You’re down in south London and your belly starts rumbling, but where should you be going for dinner? Fear not, there’s a whole mountain of good restaurants south of the river, and ones to cater to every taste. 

Whether you want something fancy, or fancy something down to earth, we’ve put together a guide of our favourite south London restaurants. Expect goodies in the form of sumptuous Thai feasts, luxurious French dinners and everything in between. 

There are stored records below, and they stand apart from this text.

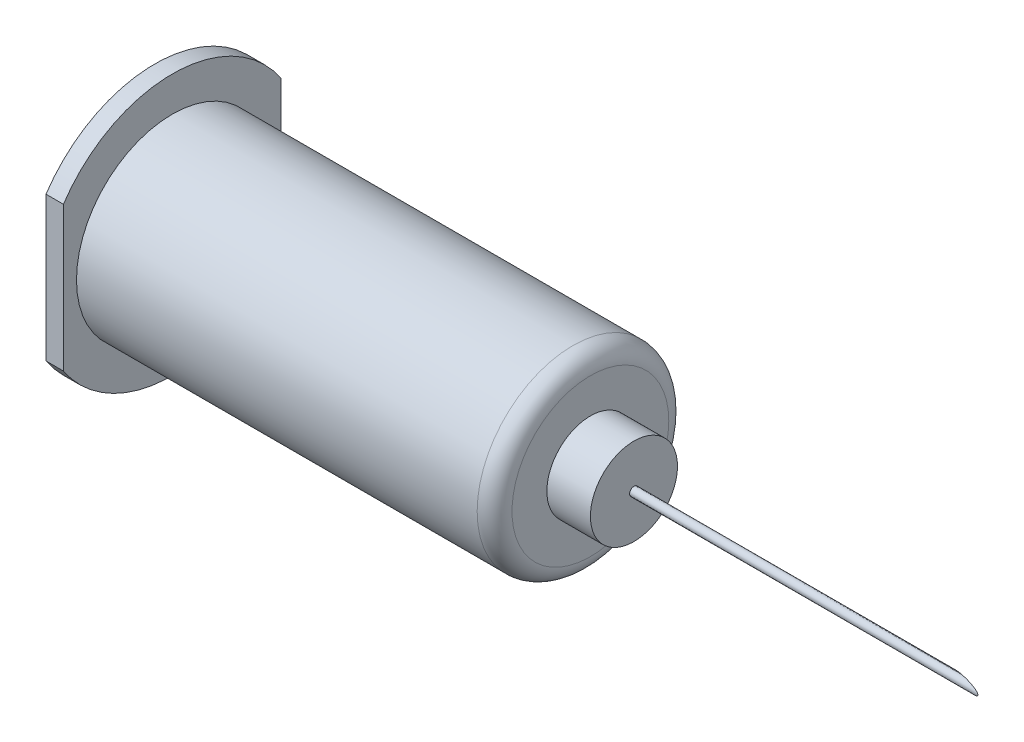
SolidWorks part; units mm, degrees
ref_plane "Alzado" through (0, 0, 0) normal (0, 0, 1) x (1, 0, 0)
ref_plane "Planta" through (0, 0, 0) normal (0, 1, 0) x (1, 0, 0)
ref_plane "Vista lateral" through (0, 0, 0) normal (1, 0, 0) x (0, 0, -1)
sketch "Croquis2" plane through (0, 0, 0) normal (1, 0, 0) x (0, 0, -1)
  circle A0 centre (0, 0) radius 11
  dimension "D1" = 22
extrude "Saliente-Extruir1" add sketch "Croquis2" along normal blind 50
fillet "Redondeo1" radius 2 1 edges at (50, 0, -11)
sketch "Croquis4" plane through (50, 0, 0) normal (1, 0, 0) x (0, 0, -1)
  circle A0 centre (0, 0) radius 5
  dimension "D1" = 10
extrude "Saliente-Extruir2" add sketch "Croquis4" along normal blind 5
sketch "Croquis5" plane through (55, 0, 0) normal (1, 0, 0) x (0, 0, -1)
  circle A0 centre (0, 0) radius 0.5
  dimension "D1" = 1
extrude "Saliente-Extruir3" add sketch "Croquis5" along normal blind 40
shell "Vaciado1" thickness 1 removed face at (0, 0, -11)
sketch "Croquis6" plane through (54, 0, 0) normal (-1, 0, 0) x (0, 0, 1)
  circle A0 centre (0, 0) radius 0.5
  dimension "D1" = 1
extrude "Saliente-Extruir4" add sketch "Croquis6" along normal blind 25
sketch "Croquis7" plane through (0, 0, 0) normal (0, 1, 0) x (1, 0, 0)
  line L0 (95, -0.5) -> (91.0226, 0.5)
  line L1 (95, 0.5) -> (55, 0.5) construction
  line L2 (91.0226, 0.5) -> (95, 0.5)
  line L3 (95, 0.5) -> (95, -0.5)
  line L4 (95, 0.5) -> (55, 0.5) construction
extrude "Cortar-Extruir2" cut sketch "Croquis7" against normal mid plane 25
sketch "Croquis8" plane through (29, 0, 0) normal (-1, 0, 0) x (0, 0, 1)
  circle A0 centre (0, 0) radius 0.4
  dimension "D1" = 0.8
extrude "Cortar-Extruir3" cut sketch "Croquis8" against normal blind 72
sketch "Croquis9" plane through (0, 0, 0) normal (1, 0, 0) x (0, 0, -1)
  line L2 (12.5, -8.2916) -> (12.5, 8.2916)
  line L4 (-12.5, -8.2916) -> (-12.5, 8.2916)
  line L5 (7.0711, -7.0711) -> (-7.0711, 7.0711) construction
  line L6 (7.0711, 7.0711) -> (-7.0711, -7.0711) construction
  circle A0 centre (0, 0) radius 10
  arc A1 (-12.5, -8.2916) -> (12.5, -8.2916) centre (0, 0) ccw
  arc A2 (12.5, 8.2916) -> (-12.5, 8.2916) centre (0, 0) ccw
  dimension "D1" = 30
  dimension "D2" = 20
extrude "Saliente-Extruir5" add sketch "Croquis9" along normal blind 2 separate body

Best Restaurants in South London 



Burrata at Levan

Any long-time readers of London x London will know that we don’t miss an opportunity to rave about Levan. The folks who run this place are big proponents of the ‘bistronomy’ movement, a culinary drift towards a more casual dining experience with the cooking quality and creativity of high-end cuisine. 

The blend here sits perfectly. An ever-changing menu of seasonal dishes never (and we mean never) fails to impress while the surroundings are a very stylish take on casual. As for wine, Levan knows their stuff, curating a menu that leans well into the natural and biodynamic worlds. 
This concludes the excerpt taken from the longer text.